# Vostok.bike rear triangle, on its way :-)



## chriscross1966 (14 Mar 2017)

Just had the shipping tracking number from the folks at Vostok.bike..... my new rear triangle is on its way.... v. excited :-)


----------



## steveindenmark (14 Mar 2017)

A "Trear" Triangle.

They are very rare, I hear. :O)


----------



## bikegang (14 Mar 2017)

chriscross1966 said:


> Jusdt had the shipping tracking number from the folks at Vostok.bike..... my new trear triangle is on its way.... v. excited :-)

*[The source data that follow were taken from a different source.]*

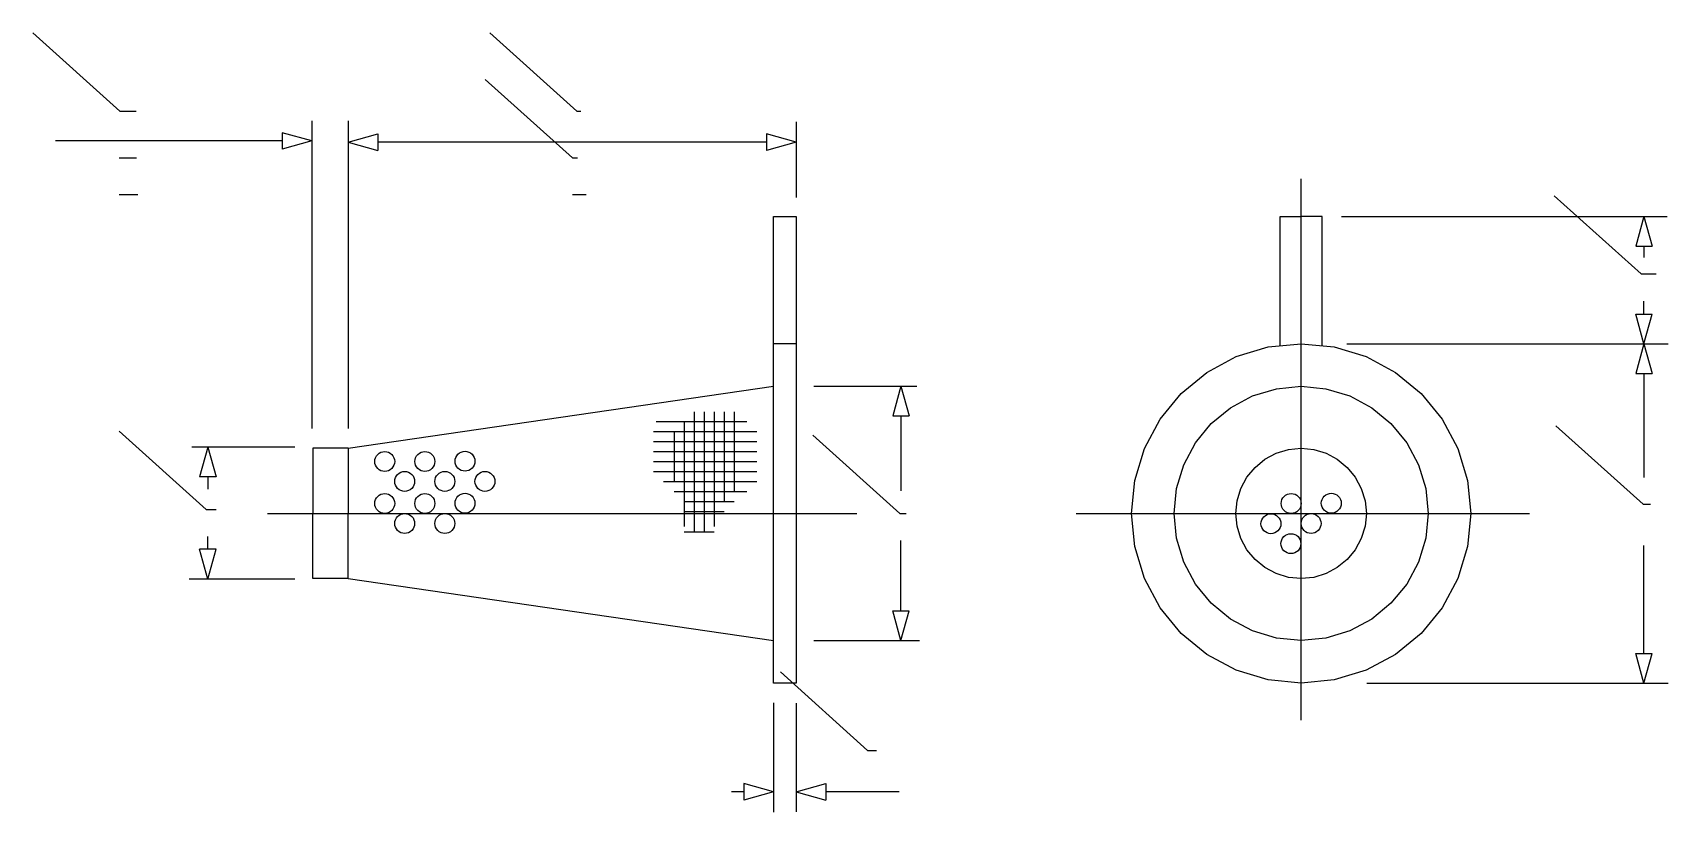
# Model space of a CAD drawing. Extents: x 205 to 1511, y 379 to 1001.
import ezdxf

# ---------------------------------------------------------------- set-up
doc = ezdxf.new("R2010")
doc.units = 0
doc.header["$MEASUREMENT"] = 0
doc.layers.get('0').update_dxf_attribs({"linetype": 'CONTINUOUS'})
doc.layers.add('-1', color=7, linetype='CONTINUOUS')
doc.layers.add('1', color=7, linetype='CONTINUOUS')

msp = doc.modelspace()

# ---------------------------------------------------------------- linework, layer by layer
at = {"layer": '-1', "color": 5, "linetype": 'Continuous'}
for p, q in [((274.1, 938.6), (287.1, 938.6)), ((639.4, 938.6), (642.4, 938.6)), ((635.8, 901.3), (639.8, 901.3)), ((1489.9, 808.5), (1501.9, 808.5)), ((343.1, 620.3), (351.1, 620.3)), ((897.5, 617.3), (902.5, 617.3)), ((1491.3, 624.6), (1497.3, 624.6)), ((871.7, 428.1), (878.7, 428.1))]:
    msp.add_line(p, q, dxfattribs=at)
at = {"layer": '-1', "color": 2, "linetype": 'Continuous'}
for p, q in [((273.5, 901.3), (287.5, 901.3)), ((273.5, 871.9), (288.5, 871.9)), ((635.8, 871.9), (646.8, 871.9))]:
    msp.add_line(p, q, dxfattribs=at)
at = {"linetype": 'Continuous'}
for p, q in [((274.1, 938.6), (204.5, 1001.2)), ((639.4, 938.6), (569.8, 1001.2)), ((635.8, 901.3), (566.2, 963.8)), ((1489.9, 808.5), (1420.3, 871)), ((343.1, 620.3), (273.5, 682.9)), ((897.5, 617.3), (827.9, 679.8)), ((1491.3, 624.6), (1421.7, 687.2)), ((871.7, 428.1), (802.1, 490.7))]:
    msp.add_line(p, q, dxfattribs=at)
at = {"layer": '1', "color": 3, "linetype": 'Continuous'}
for p, q in [((427.5, 930.9), (427.5, 685)), ((456.6, 930.9), (456.6, 685)), ((814.5, 929.9), (814.5, 869.7)), ((403.8, 921.3), (403.8, 908.2)), ((427.5, 914.8), (403.8, 921.3)), ((403.8, 921.3), (403.8, 908.2)), ((456.6, 913.8), (480.4, 920.3)), ((480.4, 920.3), (480.4, 907.2)), ((480.4, 920.3), (480.4, 907.2)), ((790.8, 920.3), (790.8, 907.2)), ((814.5, 913.8), (790.8, 920.3)), ((790.8, 920.3), (790.8, 907.2)), ((403.8, 914.8), (222.8, 914.8)), ((427.5, 914.8), (403.8, 908.2)), ((456.6, 913.8), (480.4, 907.2)), ((790.8, 913.8), (480.4, 913.8)), ((814.5, 913.8), (790.8, 907.2)), ((1250.4, 854.4), (1510.5, 854.4)), ((1492, 854.4), (1485.5, 830.7)), ((1492, 854.4), (1498.6, 830.7)), ((1485.5, 830.7), (1498.6, 830.7)), ((1485.5, 830.7), (1498.6, 830.7)), ((1492, 830.7), (1492, 821.6)), ((1492, 776.5), (1492, 786.7)), ((1485.5, 776.5), (1498.6, 776.5)), ((1492, 752.8), (1485.5, 776.5)), ((1485.5, 776.5), (1498.6, 776.5)), ((1492, 752.8), (1498.6, 776.5)), ((1254.5, 752.8), (1511.5, 752.8)), ((1492, 752.8), (1485.5, 729.1)), ((1492, 752.8), (1498.6, 729.1)), ((1485.5, 729.1), (1498.6, 729.1)), ((1485.5, 729.1), (1498.6, 729.1)), ((1492, 729.1), (1492, 646)), ((828.7, 718.8), (911.1, 718.8)), ((898.3, 718.8), (891.7, 695.1)), ((898.3, 718.8), (904.8, 695.1)), ((891.7, 695.1), (904.8, 695.1)), ((891.7, 695.1), (904.8, 695.1)), ((898.3, 695.1), (898.3, 635.4)), ((414, 670.2), (331.6, 670.2)), ((344.4, 670.2), (337.9, 646.5)), ((344.4, 670.2), (351, 646.5)), ((351, 646.5), (337.9, 646.5)), ((351, 646.5), (337.9, 646.5)), ((344.4, 646.5), (344.4, 636.7)), ((351, 588.7), (337.9, 588.7)), ((344.4, 564.9), (337.9, 588.7)), ((351, 588.7), (337.9, 588.7)), ((344.4, 588.7), (344.4, 598.8)), ((344.4, 564.9), (351, 588.7)), ((898.3, 539.4), (898.3, 595.7)), ((1492, 505.5), (1492, 591.7)), ((414, 564.9), (329.6, 564.9)), ((891.7, 539.4), (904.8, 539.4)), ((898.3, 515.7), (891.7, 539.4)), ((891.7, 539.4), (904.8, 539.4)), ((898.3, 515.7), (904.8, 539.4)), ((828.7, 515.7), (913.1, 515.7)), ((1485.5, 505.5), (1498.6, 505.5)), ((1492, 481.7), (1485.5, 505.5)), ((1485.5, 505.5), (1498.6, 505.5)), ((1492, 481.7), (1498.6, 505.5)), ((1270.5, 481.7), (1511.5, 481.7)), ((796.5, 466.1), (796.5, 378.6)), ((814.5, 465.9), (814.5, 378.9)), ((772.8, 395), (763, 395)), ((772.8, 401.6), (772.8, 388.4)), ((796.5, 395), (772.8, 401.6)), ((772.8, 401.6), (772.8, 388.4)), ((796.5, 395), (772.8, 388.4)), ((814.5, 395), (838.2, 401.6)), ((814.5, 395), (838.2, 388.4)), ((838.2, 401.6), (838.2, 388.4)), ((838.2, 401.6), (838.2, 388.4)), ((896.8, 395), (838.2, 395))]:
    msp.add_line(p, q, dxfattribs=at)
at = {"layer": '1', "color": 4, "linetype": 'Continuous'}
for p, q in [((1218.1, 452.2), (1218.1, 884.5)), ((392, 617.3), (863, 617.3)), ((1038.2, 617.3), (1400.7, 617.3))]:
    msp.add_line(p, q, dxfattribs=at)
at = {"layer": '1', "color": 7, "linetype": 'Continuous'}
for p, q in [((796.5, 481.7), (796.5, 854.4)), ((796.5, 854.4), (814.5, 854.4)), ((814.5, 854.4), (814.5, 481.7)), ((1201.4, 751.1), (1201.4, 854.4)), ((1201.4, 854.4), (1218.1, 854.4)), ((1234.8, 854.4), (1218.1, 854.4)), ((1234.8, 751.1), (1234.8, 854.4)), ((814.5, 752.8), (796.5, 752.8)), ((1166.2, 742.5), (1191.7, 750.2)), ((1191.7, 750.2), (1218.1, 752.8)), ((1218.1, 752.8), (1244.5, 750.2)), ((1244.5, 750.2), (1270, 742.5)), ((1142.8, 729.9), (1166.2, 742.5)), ((1270, 742.5), (1293.4, 729.9)), ((1122.3, 713.1), (1142.8, 729.9)), ((1293.4, 729.9), (1313.9, 713.1)), ((456.6, 669.3), (796.5, 718.8)), ((1105.4, 692.6), (1122.3, 713.1)), ((1161.7, 701.7), (1179.2, 711.1)), ((1179.2, 711.1), (1198.3, 716.8)), ((1198.3, 716.8), (1218.1, 718.8)), ((1218.1, 718.8), (1237.9, 716.8)), ((1237.9, 716.8), (1257, 711.1)), ((1257, 711.1), (1274.5, 701.7)), ((1313.9, 713.1), (1330.8, 692.6)), ((733.1, 698.3), (733.1, 602.7)), ((741.1, 698.3), (741.1, 602.7)), ((749.1, 698.3), (749.1, 606.8)), ((757.1, 698.3), (757.1, 626.7)), ((765.1, 698.3), (765.1, 634.7)), ((1146.3, 689.1), (1161.7, 701.7)), ((1274.5, 701.7), (1289.9, 689.1)), ((700.6, 682.8), (783.2, 682.8)), ((702.7, 690.8), (775.1, 690.8)), ((717, 682.8), (717, 642.7)), ((725.1, 690.9), (725.1, 606.8)), ((1092.9, 669.1), (1105.4, 692.6)), ((1133.7, 673.7), (1146.3, 689.1)), ((1289.9, 689.1), (1302.5, 673.7)), ((1330.8, 692.6), (1343.3, 669.1)), ((456.6, 669.3), (428.4, 669.3)), ((428.4, 669.3), (428.4, 617.3)), ((456.6, 669.3), (456.6, 617.3)), ((482.8, 666.1), (484.3, 666.6)), ((484.3, 666.6), (485.8, 666.7)), ((485.8, 666.7), (487.4, 666.6)), ((487.4, 666.6), (488.9, 666.1)), ((514.8, 666.1), (516.3, 666.6)), ((516.3, 666.6), (517.9, 666.7)), ((517.9, 666.7), (519.4, 666.6)), ((519.4, 666.6), (520.9, 666.1)), ((546.9, 666.3), (548.4, 666.8)), ((548.4, 666.8), (550, 667)), ((550, 667), (551.5, 666.8)), ((551.5, 666.8), (553, 666.3)), ((700.6, 674.8), (783.2, 674.8)), ((700.6, 666.8), (783.2, 666.8)), ((1085.2, 643.7), (1092.9, 669.1)), ((1124.3, 656.1), (1133.7, 673.7)), ((1198.2, 665.4), (1207.9, 668.3)), ((1207.9, 668.3), (1218.1, 669.3)), ((1218.1, 669.3), (1228.3, 668.3)), ((1228.3, 668.3), (1238, 665.4)), ((1302.5, 673.7), (1311.9, 656.1)), ((1343.3, 669.1), (1351, 643.7)), ((477.9, 658.8), (478, 660.3)), ((478, 657.2), (477.9, 658.8)), ((478, 660.3), (478.5, 661.8)), ((478.5, 655.7), (478, 657.2)), ((478.5, 661.8), (479.2, 663.2)), ((479.2, 654.4), (478.5, 655.7)), ((479.2, 663.2), (480.2, 664.4)), ((480.2, 653.1), (479.2, 654.4)), ((480.2, 664.4), (481.4, 665.4)), ((481.4, 665.4), (482.8, 666.1)), ((488.9, 666.1), (490.2, 665.4)), ((490.2, 665.4), (491.5, 664.4)), ((491.5, 664.4), (492.4, 663.2)), ((492.4, 654.4), (491.5, 653.1)), ((492.4, 663.2), (493.2, 661.8)), ((493.2, 655.7), (492.4, 654.4)), ((493.2, 661.8), (493.6, 660.3)), ((493.6, 657.2), (493.2, 655.7)), ((493.6, 660.3), (493.8, 658.8)), ((493.8, 658.8), (493.6, 657.2)), ((509.9, 658.8), (510.1, 660.3)), ((510.1, 657.2), (509.9, 658.8)), ((510.1, 660.3), (510.5, 661.8)), ((510.5, 655.7), (510.1, 657.2)), ((510.5, 661.8), (511.3, 663.2)), ((511.3, 654.4), (510.5, 655.7)), ((511.3, 663.2), (512.3, 664.4)), ((512.3, 653.1), (511.3, 654.4)), ((512.3, 664.4), (513.5, 665.4)), ((513.5, 665.4), (514.8, 666.1)), ((520.9, 666.1), (522.3, 665.4)), ((522.3, 665.4), (523.5, 664.4)), ((523.5, 664.4), (524.5, 663.2)), ((524.5, 654.4), (523.5, 653.1)), ((524.5, 663.2), (525.3, 661.8)), ((525.3, 655.7), (524.5, 654.4)), ((525.3, 661.8), (525.7, 660.3)), ((525.7, 657.2), (525.3, 655.7)), ((525.7, 660.3), (525.9, 658.8)), ((525.9, 658.8), (525.7, 657.2)), ((542, 659), (542.2, 660.5)), ((542.2, 657.4), (542, 659)), ((542.2, 660.5), (542.6, 662)), ((542.6, 655.9), (542.2, 657.4)), ((542.6, 662), (543.3, 663.4)), ((543.3, 654.6), (542.6, 655.9)), ((543.3, 663.4), (544.3, 664.6)), ((544.3, 653.4), (543.3, 654.6)), ((544.3, 664.6), (545.5, 665.6)), ((545.5, 665.6), (546.9, 666.3)), ((553, 666.3), (554.4, 665.6)), ((554.4, 665.6), (555.6, 664.6)), ((555.6, 664.6), (556.6, 663.4)), ((556.6, 654.6), (555.6, 653.4)), ((556.6, 663.4), (557.3, 662)), ((557.3, 655.9), (556.6, 654.6)), ((557.3, 662), (557.8, 660.5)), ((557.8, 657.4), (557.3, 655.9)), ((557.8, 660.5), (557.9, 659)), ((557.9, 659), (557.8, 657.4)), ((700.6, 658.7), (783.2, 658.7)), ((1118.5, 637.1), (1124.3, 656.1)), ((1174.8, 646.2), (1181.3, 654.1)), ((1181.3, 654.1), (1189.2, 660.6)), ((1189.2, 660.6), (1198.2, 665.4)), ((1238, 665.4), (1247, 660.6)), ((1247, 660.6), (1254.9, 654.1)), ((1254.9, 654.1), (1261.4, 646.2)), ((1311.9, 656.1), (1317.7, 637.1)), ((481.4, 652.2), (480.2, 653.1)), ((482.8, 651.4), (481.4, 652.2)), ((484.3, 651), (482.8, 651.4)), ((485.8, 650.8), (484.3, 651)), ((487.4, 651), (485.8, 650.8)), ((488.9, 651.4), (487.4, 651)), ((490.2, 652.2), (488.9, 651.4)), ((491.5, 653.1), (490.2, 652.2)), ((493.8, 642.8), (493.9, 644.4)), ((493.9, 641.3), (493.8, 642.8)), ((493.9, 644.4), (494.4, 645.9)), ((494.4, 639.8), (493.9, 641.3)), ((494.4, 645.9), (495.1, 647.3)), ((495.1, 647.3), (496.1, 648.5)), ((496.1, 648.5), (497.3, 649.5)), ((497.3, 649.5), (498.7, 650.2)), ((498.7, 650.2), (500.2, 650.7)), ((500.2, 650.7), (501.8, 650.8)), ((501.8, 650.8), (503.3, 650.7)), ((503.3, 650.7), (504.8, 650.2)), ((504.8, 650.2), (506.2, 649.5)), ((506.2, 649.5), (507.4, 648.5)), ((507.4, 648.5), (508.4, 647.3)), ((508.4, 647.3), (509.1, 645.9)), ((509.1, 645.9), (509.6, 644.4)), ((509.6, 641.3), (509.1, 639.8)), ((509.6, 644.4), (509.7, 642.8)), ((509.7, 642.8), (509.6, 641.3)), ((513.5, 652.2), (512.3, 653.1)), ((514.8, 651.4), (513.5, 652.2)), ((516.3, 651), (514.8, 651.4)), ((517.9, 650.8), (516.3, 651)), ((519.4, 651), (517.9, 650.8)), ((520.9, 651.4), (519.4, 651)), ((522.3, 652.2), (520.9, 651.4)), ((523.5, 653.1), (522.3, 652.2)), ((525.9, 642.8), (526, 644.4)), ((526, 641.3), (525.9, 642.8)), ((526, 644.4), (526.5, 645.9)), ((526.5, 639.8), (526, 641.3)), ((526.5, 645.9), (527.2, 647.3)), ((527.2, 647.3), (528.2, 648.5)), ((528.2, 648.5), (529.4, 649.5)), ((529.4, 649.5), (530.8, 650.2)), ((530.8, 650.2), (532.3, 650.7)), ((532.3, 650.7), (533.8, 650.8)), ((533.8, 650.8), (535.4, 650.7)), ((535.4, 650.7), (536.9, 650.2)), ((536.9, 650.2), (538.3, 649.5)), ((538.3, 649.5), (539.5, 648.5)), ((539.5, 648.5), (540.4, 647.3)), ((540.4, 647.3), (541.2, 645.9)), ((541.2, 645.9), (541.6, 644.4)), ((541.6, 641.3), (541.2, 639.8)), ((541.6, 644.4), (541.8, 642.8)), ((541.8, 642.8), (541.6, 641.3)), ((545.5, 652.4), (544.3, 653.4)), ((546.9, 651.6), (545.5, 652.4)), ((548.4, 651.2), (546.9, 651.6)), ((550, 651), (548.4, 651.2)), ((551.5, 651.2), (550, 651)), ((553, 651.6), (551.5, 651.2)), ((554.4, 652.4), (553, 651.6)), ((555.6, 653.4), (554.4, 652.4)), ((557.9, 642.8), (558.1, 644.4)), ((558.1, 641.3), (557.9, 642.8)), ((558.1, 644.4), (558.5, 645.9)), ((558.5, 639.8), (558.1, 641.3)), ((558.5, 645.9), (559.3, 647.3)), ((559.3, 647.3), (560.3, 648.5)), ((560.3, 648.5), (561.5, 649.5)), ((561.5, 649.5), (562.9, 650.2)), ((562.9, 650.2), (564.3, 650.7)), ((564.3, 650.7), (565.9, 650.8)), ((565.9, 650.8), (567.5, 650.7)), ((567.5, 650.7), (568.9, 650.2)), ((568.9, 650.2), (570.3, 649.5)), ((570.3, 649.5), (571.5, 648.5)), ((571.5, 648.5), (572.5, 647.3)), ((572.5, 647.3), (573.3, 645.9)), ((573.3, 645.9), (573.7, 644.4)), ((573.7, 641.3), (573.3, 639.8)), ((573.7, 644.4), (573.9, 642.8)), ((573.9, 642.8), (573.7, 641.3)), ((700.6, 650.7), (783.2, 650.7)), ((708.5, 642.7), (783.2, 642.7)), ((1082.6, 617.3), (1085.2, 643.7)), ((1170, 637.2), (1174.8, 646.2)), ((1261.4, 646.2), (1266.2, 637.2)), ((1351, 643.7), (1353.6, 617.3)), ((478, 626.8), (478.5, 628.3)), ((478.5, 628.3), (479.2, 629.7)), ((479.2, 629.7), (480.2, 630.9)), ((480.2, 630.9), (481.4, 631.9)), ((481.4, 631.9), (482.8, 632.6)), ((482.8, 632.6), (484.3, 633)), ((484.3, 633), (485.8, 633.2)), ((485.8, 633.2), (487.4, 633)), ((487.4, 633), (488.9, 632.6)), ((488.9, 632.6), (490.2, 631.9)), ((490.2, 631.9), (491.5, 630.9)), ((491.5, 630.9), (492.4, 629.7)), ((492.4, 629.7), (493.2, 628.3)), ((493.2, 628.3), (493.6, 626.8)), ((495.1, 638.4), (494.4, 639.8)), ((496.1, 637.2), (495.1, 638.4)), ((497.3, 636.2), (496.1, 637.2)), ((498.7, 635.5), (497.3, 636.2)), ((500.2, 635), (498.7, 635.5)), ((501.8, 634.9), (500.2, 635)), ((503.3, 635), (501.8, 634.9)), ((504.8, 635.5), (503.3, 635)), ((506.2, 636.2), (504.8, 635.5)), ((507.4, 637.2), (506.2, 636.2)), ((508.4, 638.4), (507.4, 637.2)), ((509.1, 639.8), (508.4, 638.4)), ((510.1, 626.8), (510.5, 628.3)), ((510.5, 628.3), (511.3, 629.7)), ((511.3, 629.7), (512.3, 630.9)), ((512.3, 630.9), (513.5, 631.9)), ((513.5, 631.9), (514.8, 632.6)), ((514.8, 632.6), (516.3, 633)), ((516.3, 633), (517.9, 633.2)), ((517.9, 633.2), (519.4, 633)), ((519.4, 633), (520.9, 632.6)), ((520.9, 632.6), (522.3, 631.9)), ((522.3, 631.9), (523.5, 630.9)), ((523.5, 630.9), (524.5, 629.7)), ((524.5, 629.7), (525.3, 628.3)), ((525.3, 628.3), (525.7, 626.8)), ((527.2, 638.4), (526.5, 639.8)), ((528.2, 637.2), (527.2, 638.4)), ((529.4, 636.2), (528.2, 637.2)), ((530.8, 635.5), (529.4, 636.2)), ((532.3, 635), (530.8, 635.5)), ((533.8, 634.9), (532.3, 635)), ((535.4, 635), (533.8, 634.9)), ((536.9, 635.5), (535.4, 635)), ((538.3, 636.2), (536.9, 635.5)), ((539.5, 637.2), (538.3, 636.2)), ((540.4, 638.4), (539.5, 637.2)), ((541.2, 639.8), (540.4, 638.4)), ((542.2, 627), (542.6, 628.5)), ((542.6, 628.5), (543.3, 629.9)), ((543.3, 629.9), (544.3, 631.1)), ((544.3, 631.1), (545.5, 632.1)), ((545.5, 632.1), (546.9, 632.8)), ((546.9, 632.8), (548.4, 633.3)), ((548.4, 633.3), (550, 633.4)), ((550, 633.4), (551.5, 633.3)), ((551.5, 633.3), (553, 632.8)), ((553, 632.8), (554.4, 632.1)), ((554.4, 632.1), (555.6, 631.1)), ((555.6, 631.1), (556.6, 629.9)), ((556.6, 629.9), (557.3, 628.5)), ((557.3, 628.5), (557.8, 627)), ((559.3, 638.4), (558.5, 639.8)), ((560.3, 637.2), (559.3, 638.4)), ((561.5, 636.2), (560.3, 637.2)), ((562.9, 635.5), (561.5, 636.2)), ((564.3, 635), (562.9, 635.5)), ((565.9, 634.9), (564.3, 635)), ((567.5, 635), (565.9, 634.9)), ((568.9, 635.5), (567.5, 635)), ((570.3, 636.2), (568.9, 635.5)), ((571.5, 637.2), (570.3, 636.2)), ((572.5, 638.4), (571.5, 637.2)), ((573.3, 639.8), (572.5, 638.4)), ((717, 634.7), (775.1, 634.7)), ((1116.6, 617.3), (1118.5, 637.1)), ((1166, 617.3), (1167, 627.4)), ((1167, 627.4), (1170, 637.2)), ((1202.3, 626.8), (1202.8, 628.3)), ((1202.8, 628.3), (1203.5, 629.7)), ((1203.5, 629.7), (1204.5, 630.9)), ((1204.5, 630.9), (1205.7, 631.9)), ((1205.7, 631.9), (1207.1, 632.6)), ((1207.1, 632.6), (1208.6, 633)), ((1208.6, 633), (1210.1, 633.2)), ((1210.1, 633.2), (1211.7, 633)), ((1211.7, 633), (1213.2, 632.6)), ((1213.2, 632.6), (1214.6, 631.9)), ((1214.6, 631.9), (1215.8, 630.9)), ((1215.8, 630.9), (1216.8, 629.7)), ((1216.8, 629.7), (1217.5, 628.3)), ((1217.5, 628.3), (1217.9, 626.8)), ((1234.4, 627), (1234.9, 628.5)), ((1234.9, 628.5), (1235.6, 629.9)), ((1235.6, 629.9), (1236.6, 631.1)), ((1236.6, 631.1), (1237.8, 632.1)), ((1237.8, 632.1), (1239.2, 632.8)), ((1239.2, 632.8), (1240.7, 633.3)), ((1240.7, 633.3), (1242.2, 633.4)), ((1242.2, 633.4), (1243.8, 633.3)), ((1243.8, 633.3), (1245.3, 632.8)), ((1245.3, 632.8), (1246.6, 632.1)), ((1246.6, 632.1), (1247.8, 631.1)), ((1247.8, 631.1), (1248.8, 629.9)), ((1248.8, 629.9), (1249.6, 628.5)), ((1249.6, 628.5), (1250, 627)), ((1266.2, 637.2), (1269.2, 627.4)), ((1269.2, 627.4), (1270.2, 617.3)), ((1317.7, 637.1), (1319.6, 617.3)), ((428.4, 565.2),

This one will fit Alfine Di2 705.


----------



## chriscross1966 (14 Mar 2017)

steveindenmark said:


> A "Trear" Triangle.
> 
> They are very rare, I hear. :O)


----------



## chriscross1966 (14 Mar 2017)

bikegang said:


> This one will fit Alfine Di2 705.
> 
> View attachment 342468


Which one is that?... triangle I mean, I know what an Alfine is


----------



## bikegang (14 Mar 2017)

chriscross1966 said:


> Which one is that?... triangle I mean, I know what an Alfine is


Same as yours Ti 135mm? Owner is still waiting parts (Alfine) to finish the build. Will update the progress.


----------



## chriscross1966 (15 Mar 2017)

Hopefully mine won't be too hard as I'm already running in a Kinetics rear frame. Need to get my super-secret method for getting the pivot screws out without sawing or drilling working :-)


----------



## 12boy (26 Mar 2017)

Did your Ti triangle arrive?


----------



## chriscross1966 (28 Mar 2017)

Has arrived, trying to find time to fit it :-)


----------



## bikegang (3 Apr 2017)

And this is really what I like... 
QR, 100mm OLD, 355-360 grams, IS disk
+ custom washers


----------